**Stored items from a collection**
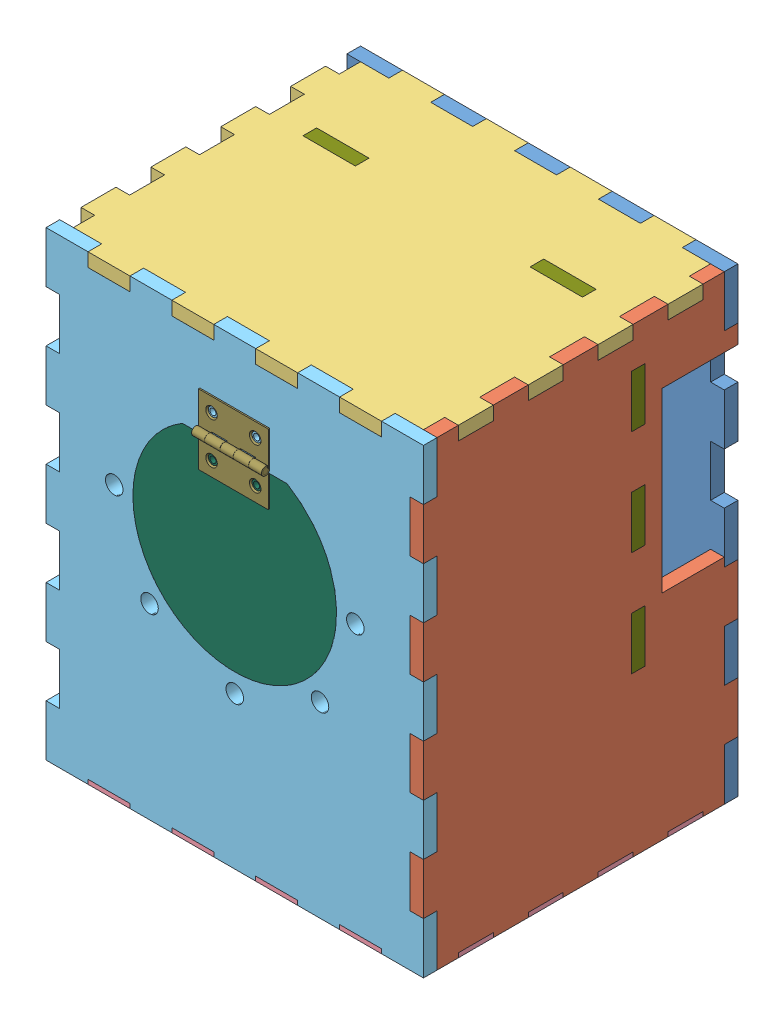
SolidWorks assembly useless_machine, configuration Default. Lengths in mm.
Overall size (137.17 170.24 117.3).
35 component instances, 17 part files, 47 mates.
Components (placement in the parent):
- useless_machine_bottom-1: useless_machine_bottom [Default] at (-6.0741 12.6617 113.5063) size (137.16 167.64 4.96)
- useless_machine_motor_side-2: useless_machine_motor_side [Default] at (57.545 12.6617 170.6562) x (0 1 0) z (1 0 0) size (167.64 114.3 4.96)
- useless_machine_motor_side-3: useless_machine_motor_side [Default] at (-74.6541 12.6617 170.6562) x (0 1 0) z (1 0 0) size (167.64 114.3 4.96) (hidden)
- useless_machine_side-1: useless_machine_side [Default] at (-6.0741 96.4817 170.6562) x (-1 0 0) z (0 -1 0) size (137.16 114.3 4.96)
- useless_machine_side_front-1: useless_machine_side_front [Default] at (-6.0741 -69.5708 170.6562) x (1 0 0) z (0 -1 0) size (137.16 114.3 1.59)
- useless_machine_lid-1: useless_machine_lid [Default] at (-6.0741 27.9017 222.8453) size (137.16 167.64 4.96)
- Servomotor SG 5010-1: Servomotor SG 5010 [Default] at (-13.9646 -11.9742 124.8788) x (-1 0 0) z (0 0.999962 -0.008727) size (54.4 42.11 20.33)
  - Tap 01-1: Tap 01 [Default] at (2.6095 0.3364 39.8745) x (1 0 0) z (0 -0.008727 -0.999962) size (41 6.5 20)
  - Tap 02-1: Tap 02 [Default] at (2.6095 20.3356 39.6999) x (1 0 0) z (0 -0.008727 -0.999962) size (41 20 20)
  - Tap 03-1: Tap 03 [Default] at (2.6095 20.3356 39.6999) x (-1 0 0) z (0 -0.008727 -0.999962) size (54.4 11.9 20)
  - Eje-1: Eje [Default] at (-7.8905 29.3353 39.6214) x (1 0 0) z (0 0.008727 0.999962) size (6 6.5 6)
  - pan head cross recess screw_iso-1: pan head cross recess screw_iso [ISO 7045 - M1.6 x 16 - Z - 16C] at (-15.5814 -5.9305 32.238) x (0 0.999962 -0.008727) z (0.720061 0.006055 0.693884) size (17.27 3.2 3.2)
  - pan head cross recess screw_iso-2: pan head cross recess screw_iso [ISO 7045 - M1.6 x 16 - Z - 16C] at (-15.5814 -5.7963 47.6192) x (0 0.999962 -0.008727) z (0.008727 0.008726 0.999924) size (17.27 3.2 3.2)
  - pan head cross recess screw_iso-3: pan head cross recess screw_iso [ISO 7045 - M1.6 x 16 - Z - 16C] at (20.8004 -5.7963 47.6192) x (0 0.999962 -0.008727) z (0.008727 0.008726 0.999924) size (17.27 3.2 3.2)
  - pan head cross recess screw_iso-4: pan head cross recess screw_iso [ISO 7045 - M1.6 x 16 - Z - 16C] at (20.8004 -5.9305 32.238) x (0 0.999962 -0.008727) z (0.008727 0.008726 0.999924) size (17.27 3.2 3.2)
- Servomotor SG 5010-2: Servomotor SG 5010 [Default] at (-24.477 55.9547 212.5931) x (0.975517 0.219922 0) z (-0.001919 0.008513 -0.999962) size (54.4 42.11 20.33)
  - Tap 01-1: Tap 01 [Default] at (2.6095 0.3364 39.8745) x (1 0 0) z (0 -0.008727 -0.999962) size (41 6.5 20)
  - Tap 02-1: Tap 02 [Default] at (2.6095 20.3356 39.6999) x (1 0 0) z (0 -0.008727 -0.999962) size (41 20 20)
  - Tap 03-1: Tap 03 [Default] at (2.6095 20.3356 39.6999) x (-1 0 0) z (0 -0.008727 -0.999962) size (54.4 11.9 20)
  - Eje-1: Eje [Default] at (-7.8905 29.3353 39.6214) x (1 0 0) z (0 0.008727 0.999962) size (6 6.5 6)
  - pan head cross recess screw_iso-1: pan head cross recess screw_iso [ISO 7045 - M1.6 x 16 - Z - 16C] at (-15.5814 -5.9305 32.238) x (0 0.999962 -0.008727) z (0.720061 0.006055 0.693884) size (17.27 3.2 3.2)
  - pan head cross recess screw_iso-2: pan head cross recess screw_iso [ISO 7045 - M1.6 x 16 - Z - 16C] at (-15.5814 -5.7963 47.6192) x (0 0.999962 -0.008727) z (0.008727 0.008726 0.999924) size (17.27 3.2 3.2)
  - pan head cross recess screw_iso-3: pan head cross recess screw_iso [ISO 7045 - M1.6 x 16 - Z - 16C] at (20.8004 -5.7963 47.6192) x (0 0.999962 -0.008727) z (0.008727 0.008726 0.999924) size (17.27 3.2 3.2)
  - pan head cross recess screw_iso-4: pan head cross recess screw_iso [ISO 7045 - M1.6 x 16 - Z - 16C] at (20.8004 -5.9305 32.238) x (0 0.999962 -0.008727) z (0.008727 0.008726 0.999924) size (17.27 3.2 3.2)
- Acople-1: Acople [Default] at (-6.0741 27.9017 162.7172) x (-0.187381 -0.982287 0) z (0.982287 -0.187381 0) size (20.6 5.65 20.6)
- 1603A230_SURFACE-MOUNT HINGE-1: 1603A230_SURFACE-MOUNT HINGE [1603A23] at (-6.0741 61.2386 229.3064) x (0 1 0) z (0 0 -1) size (25.4 25.4 3)
- OLED_27x27_r2-1: OLED_27x27_r2 [Default] at (-6.0131 -71.1583 137.9563) x (1 0 0) z (0 0 -1) size (27.3 9.22 27.3)
- 90272A077_ZINC-PLTD STL PAN HEAD PHILLIPS MACHINE SCREW-1: 90272A077_ZINC-PLTD STL PAN HEAD PHILLIPS MACHINE SCREW [90272A077] at (-16.3631 -65.8083 126.3563) x (0.729011 0 -0.684502) z (0 -1 0) size (4.24 4.24 8.15)
- 90272A077_ZINC-PLTD STL PAN HEAD PHILLIPS MACHINE SCREW-2: 90272A077_ZINC-PLTD STL PAN HEAD PHILLIPS MACHINE SCREW [90272A077] at (4.3369 -65.8083 149.5563) x (0.900627 0 0.434594) z (0 -1 0) size (4.24 4.24 8.15)
- 90272A077_ZINC-PLTD STL PAN HEAD PHILLIPS MACHINE SCREW-3: 90272A077_ZINC-PLTD STL PAN HEAD PHILLIPS MACHINE SCREW [90272A077] at (4.3369 -65.8083 126.3563) x (0.285424 0 -0.958401) z (0 -1 0) size (4.24 4.24 8.15)
- 90272A077_ZINC-PLTD STL PAN HEAD PHILLIPS MACHINE SCREW-4: 90272A077_ZINC-PLTD STL PAN HEAD PHILLIPS MACHINE SCREW [90272A077] at (-16.3631 -65.8083 149.5563) x (-0.64353 0 0.765421) z (0 -1 0) size (4.24 4.24 8.15)
- useless_machine_top_lid-1: useless_machine_top_lid [Default] at (-6.0741 27.9017 226.2188) size (74.05 68.78 1.59)
- servo_secure-1: servo_secure [Default] at (-6.0693 34.3708 149.7477) x (0 -1 0) z (0 0 1) size (119.26 137.17 4.96)
- Tap 03-1: Tap 03 [Default] at (-16.5741 27.9017 144.8672) x (1 0 0) z (0 -1 0) size (54.4 11.9 20)
- servo_arm-1: servo_arm [Default] at (-0.8165 0.218 199.6977) x (-0.435047 -0.650503 -0.622559) z (-0.882637 0.444788 0.152039) size (35.05 57.15 4.96)
Mates (geometry in assembly coordinates):
- Concentric6: concentric: cylinder of useless_machine_lid-1 through (-6.0741 27.9017 222.8453) axis (0 0 1) radius 37.0265; cylinder of Servomotor SG 5010-1/Eje-1 through (-6.0741 27.9017 154.8672) axis (0 0 1) radius 1.125
- Coincident75: coincident: plane of useless_machine_bottom-1 through (-6.0741 12.6617 118.4672) normal (0 0 1); plane of Servomotor SG 5010-1/Tap 01-1 through (-16.5741 27.9017 118.4672) normal (0 0 -1)
- Parallel11: parallel: plane of Servomotor SG 5010-1/Tap 02-1 through (3.9259 17.9017 124.8672) normal (1 0 0); plane of useless_machine_motor_side-2 through (62.5059 12.6617 170.6562) normal (1 0 0)
- Concentric7: concentric: cylinder of Servomotor SG 5010-1/Eje-1 through (-6.0741 27.9017 154.8672) axis (0 0 1) radius 1.125; cylinder of Acople-1 through (-6.0741 27.9017 160.3672) axis (0 0 1) radius 1.39
- Coincident77: coincident: plane of Servomotor SG 5010-1/Eje-1 through (-5.0433 30.5051 156.8672) normal (-0.373443 0.927653 0); plane of Acople-1 through (-5.0433 30.5051 157.0672) normal (0.373443 -0.927653 0)
- Coincident78: coincident: plane of Servomotor SG 5010-1/Eje-1 through (-6.0741 27.9017 160.3672) normal (0 0 1); plane of Acople-1 through (-6.0741 27.9017 160.3672) normal (0 0 -1)
- Coincident79: coincident: plane of Servomotor SG 5010-2/Tap 03-1 through (-35.3344 22.766 162.7172) normal (0 0 -1); plane of Acople-1 through (-6.0741 27.9017 162.7172) normal (0 0 1)
- Coincident82: coincident: plane of useless_machine_lid-1 through (-6.0741 27.9017 227.8062) normal (0 0 1); plane of 1603A230_SURFACE-MOUNT HINGE-1 through (6.6259 73.9386 227.8062) normal (0 0 -1)
- Concentric14: concentric: cylinder of useless_machine_lid-1 through (-14.0116 68.7792 222.8453) axis (0 0 1) radius 1.1049; cone of 1603A230_SURFACE-MOUNT HINGE-1 through (-14.0116 68.7792 228.3142) axis (0 0 -1)
- Concentric15: concentric: cylinder of useless_machine_lid-1 through (1.8634 68.7792 222.8453) axis (0 0 1) radius 1.1049; cone of 1603A230_SURFACE-MOUNT HINGE-1 through (1.8634 68.7792 228.3142) axis (0 0 -1)
- Coincident107: coincident: plane of useless_machine_side_front-1 through (-6.0741 -71.1583 170.6562) normal (0 -1 0); plane of OLED_27x27_r2-1 through (5.6369 -71.1583 126.3063) normal (0 1 0)
- Parallel13: parallel: plane of OLED_27x27_r2-1 through (-17.6631 -72.1583 151.6062) normal (0 0 1); plane of useless_machine_side_front-1 through (-74.6541 -71.1583 227.8062) normal (0 0 1)
- Distance2: distance = 76.2 mm: plane of useless_machine_side_front-1 through (-74.6541 -71.1583 227.8062) normal (0 0 1); plane of OLED_27x27_r2-1 through (-17.6631 -72.1583 151.6062) normal (0 0 1)
- Coincident114: coincident: plane of OLED_27x27_r2-1 through (5.6369 -72.1583 126.3063) normal (0 -1 0); plane of 90272A077_ZINC-PLTD STL PAN HEAD PHILLIPS MACHINE SCREW-1 through (-16.3631 -72.1583 126.3563) normal (0 1 0)
- Concentric17: concentric: circle of useless_machine_side_front-1; circle of 90272A077_ZINC-PLTD STL PAN HEAD PHILLIPS MACHINE SCREW-1
- Coincident116: coincident: plane of OLED_27x27_r2-1 through (5.6369 -72.1583 126.3063) normal (0 -1 0); plane of 90272A077_ZINC-PLTD STL PAN HEAD PHILLIPS MACHINE SCREW-3 through (4.3369 -72.1583 126.3563) normal (0 1 0)
- Concentric18: concentric: circle of useless_machine_side_front-1; circle of 90272A077_ZINC-PLTD STL PAN HEAD PHILLIPS MACHINE SCREW-3
- Concentric19: concentric: circle of useless_machine_side_front-1; circle of 90272A077_ZINC-PLTD STL PAN HEAD PHILLIPS MACHINE SCREW-2
- Coincident118: coincident: plane of OLED_27x27_r2-1 through (5.6369 -72.1583 126.3063) normal (0 -1 0); plane of 90272A077_ZINC-PLTD STL PAN HEAD PHILLIPS MACHINE SCREW-2 through (4.3369 -72.1583 149.5563) normal (0 1 0)
- Concentric20: concentric: circle of useless_machine_side_front-1; circle of 90272A077_ZINC-PLTD STL PAN HEAD PHILLIPS MACHINE SCREW-4
- Coincident119: coincident: plane of OLED_27x27_r2-1 through (5.6369 -72.1583 126.3063) normal (0 -1 0); plane of 90272A077_ZINC-PLTD STL PAN HEAD PHILLIPS MACHINE SCREW-4 through (-16.3631 -72.1583 149.5563) normal (0 1 0)
- Coincident127: coincident: plane of useless_machine_bottom-1 through (-6.0741 12.6617 113.5063) normal (0 0 -1); plane of useless_machine_side_front-1 through (-74.6541 -71.1583 113.5063) normal (0 0 -1)
- Coincident128: coincident: plane of useless_machine_bottom-1 through (-74.6541 -71.1583 118.4672) normal (0 -1 0); plane of useless_machine_side_front-1 through (-6.0741 -71.1583 170.6562) normal (0 -1 0)
- Coincident129: coincident: plane of useless_machine_bottom-1 through (-74.6541 -71.1583 118.4672) normal (-1 0 0); plane of useless_machine_side_front-1 through (-74.6541 -71.1583 113.5063) normal (-1 0 0)
- Coincident130: coincident: plane of useless_machine_bottom-1 through (-74.6541 96.4817 118.4672) normal (0 1 0); plane of useless_machine_side-1 through (-6.0741 96.4817 170.6562) normal (0 1 0)
- Coincident131: coincident: plane of useless_machine_bottom-1 through (-6.0741 12.6617 113.5063) normal (0 0 -1); plane of useless_machine_side-1 through (62.5059 91.5208 113.5063) normal (0 0 -1)
- Coincident132: coincident: plane of useless_machine_bottom-1 through (62.5059 -71.1583 118.4672) normal (1 0 0); plane of useless_machine_side-1 through (62.5059 91.5208 227.8062) normal (1 0 0)
- Distance3: distance = 54.991 mm: plane of OLED_27x27_r2-1 through (-19.6631 -72.1583 126.3063) normal (-1 0 0); plane of useless_machine_side_front-1 through (-74.6541 -71.1583 113.5063) normal (-1 0 0)
- Coincident143: coincident: plane of useless_machine_bottom-1 through (-6.0741 12.6617 113.5063) normal (0 0 -1); plane of useless_machine_motor_side-3 through (-69.6931 -71.1583 113.5063) normal (0 0 -1)
- Coincident144: coincident: plane of useless_machine_bottom-1 through (-74.6541 -71.1583 118.4672) normal (0 -1 0); plane of useless_machine_motor_side-3 through (-69.6931 -71.1583 113.5063) normal (0 -1 0)
- Coincident146: coincident: plane of useless_machine_bottom-1 through (-74.6541 -71.1583 118.4672) normal (-1 0 0); plane of useless_machine_motor_side-3 through (-74.6541 12.6617 170.6562) normal (-1 0 0)
- Coincident148: coincident: plane of useless_machine_bottom-1 through (62.5059 -71.1583 118.4672) normal (1 0 0); plane of useless_machine_motor_side-2 through (62.5059 12.6617 170.6562) normal (1 0 0)
- Coincident149: coincident: plane of useless_machine_bottom-1 through (-6.0741 12.6617 113.5063) normal (0 0 -1); plane of useless_machine_motor_side-2 through (62.5059 -71.1583 113.5063) normal (0 0 -1)
- Coincident150: coincident: plane of useless_machine_bottom-1 through (-74.6541 96.4817 118.4672) normal (0 1 0); plane of useless_machine_motor_side-2 through (62.5059 96.4817 113.5063) normal (0 1 0)
- Concentric21: concentric: cylinder of useless_machine_lid-1 through (-6.0741 27.9017 222.8453) axis (0 0 1) radius 37.0265; cylinder of useless_machine_top_lid-1 through (-6.0741 27.9017 227.8062) axis (0 0 -1) radius 37.0265
- Coincident151: coincident: plane of 1603A230_SURFACE-MOUNT HINGE-1 through (6.6259 48.5386 227.8062) normal (0 0 -1); plane of useless_machine_top_lid-1 through (-6.0741 27.9017 227.8062) normal (0 0 1)
- Coincident152: coincident: plane of useless_machine_motor_side-3 through (-74.6541 12.6617 170.6562) normal (-1 0 0); plane of useless_machine_lid-1 through (-74.6541 -71.1583 227.8062) normal (-1 0 0)
- Coincident153: coincident: plane of useless_machine_side_front-1 through (-6.0741 -71.1583 170.6562) normal (0 -1 0); plane of useless_machine_lid-1 through (-74.6541 -71.1583 227.8062) normal (0 -1 0)
- Coincident154: coincident: plane of useless_machine_motor_side-2 through (62.5059 -71.1583 227.8062) normal (0 0 1); plane of useless_machine_lid-1 through (-6.0741 27.9017 227.8062) normal (0 0 1)
- Tangent2: tangent: cylinder of Servomotor SG 5010-1/Eje-1 through (-6.0741 27.9017 154.8672) axis (0 0 1) radius 1.125; plane of Servomotor SG 5010-2/Tap 03-1 through (-15.2703 26.9818 172.7172) normal (0.219922 -0.975517 0)
- Distance5: distance = 17.78 mm: point of Servomotor SG 5010-2/Eje-1; cylinder of Servomotor SG 5010-1/Eje-1 through (-6.0741 27.9017 154.8672) axis (0 0 1) radius 1.125
- Coincident159: coincident: plane of Servomotor SG 5010-1/Tap 03-1 through (-16.5741 27.9017 144.8672) normal (0 0 -1); plane of Tap 03-1 through (-16.5741 27.9017 144.8672) normal (0 0 -1)
- Coincident160: coincident: plane of Servomotor SG 5010-1/Tap 03-1 through (10.6259 19.0517 147.2672) normal (1 0 0); plane of Tap 03-1 through (10.6259 19.0517 147.2672) normal (1 0 0)
- Coincident161: coincident: plane of Servomotor SG 5010-1/Tap 03-1 through (3.9259 19.0517 147.2672) normal (0 -1 0); plane of Tap 03-1 through (3.9259 19.0517 147.2672) normal (0 -1 0)
- Coincident167: coincident: plane of useless_machine_side-1 through (-6.0741 96.4817 170.6562) normal (0 1 0); plane of servo_secure-1 through (-6.0693 96.4817 149.7477) normal (0 1 0)
- Coincident170: coincident: plane of useless_machine_motor_side-2 through (62.5059 12.6617 170.6562) normal (1 0 0); plane of servo_secure-1 through (62.5059 34.3708 149.7477) normal (1 0 0)
- Coincident171: coincident: plane of servo_secure-1 through (-6.0693 34.3708 147.2672) normal (0 0 -1); plane of Tap 03-1 through (-16.5741 27.9017 147.2672) normal (0 0 1)

**ABOUT THIS EXERCISE**
Each line above that contains the string "HINGE" should be identified and copied.

**SOLUTION BELOW**
- 1603A230_SURFACE-MOUNT HINGE-1: 1603A230_SURFACE-MOUNT HINGE [1603A23] at (-6.0741 61.2386 229.3064) x (0 1 0) z (0 0 -1) size (25.4 25.4 3)
- Coincident82: coincident: plane of useless_machine_lid-1 through (-6.0741 27.9017 227.8062) normal (0 0 1); plane of 1603A230_SURFACE-MOUNT HINGE-1 through (6.6259 73.9386 227.8062) normal (0 0 -1)
- Concentric14: concentric: cylinder of useless_machine_lid-1 through (-14.0116 68.7792 222.8453) axis (0 0 1) radius 1.1049; cone of 1603A230_SURFACE-MOUNT HINGE-1 through (-14.0116 68.7792 228.3142) axis (0 0 -1)
- Concentric15: concentric: cylinder of useless_machine_lid-1 through (1.8634 68.7792 222.8453) axis (0 0 1) radius 1.1049; cone of 1603A230_SURFACE-MOUNT HINGE-1 through (1.8634 68.7792 228.3142) axis (0 0 -1)
- Coincident151: coincident: plane of 1603A230_SURFACE-MOUNT HINGE-1 through (6.6259 48.5386 227.8062) normal (0 0 -1); plane of useless_machine_top_lid-1 through (-6.0741 27.9017 227.8062) normal (0 0 1)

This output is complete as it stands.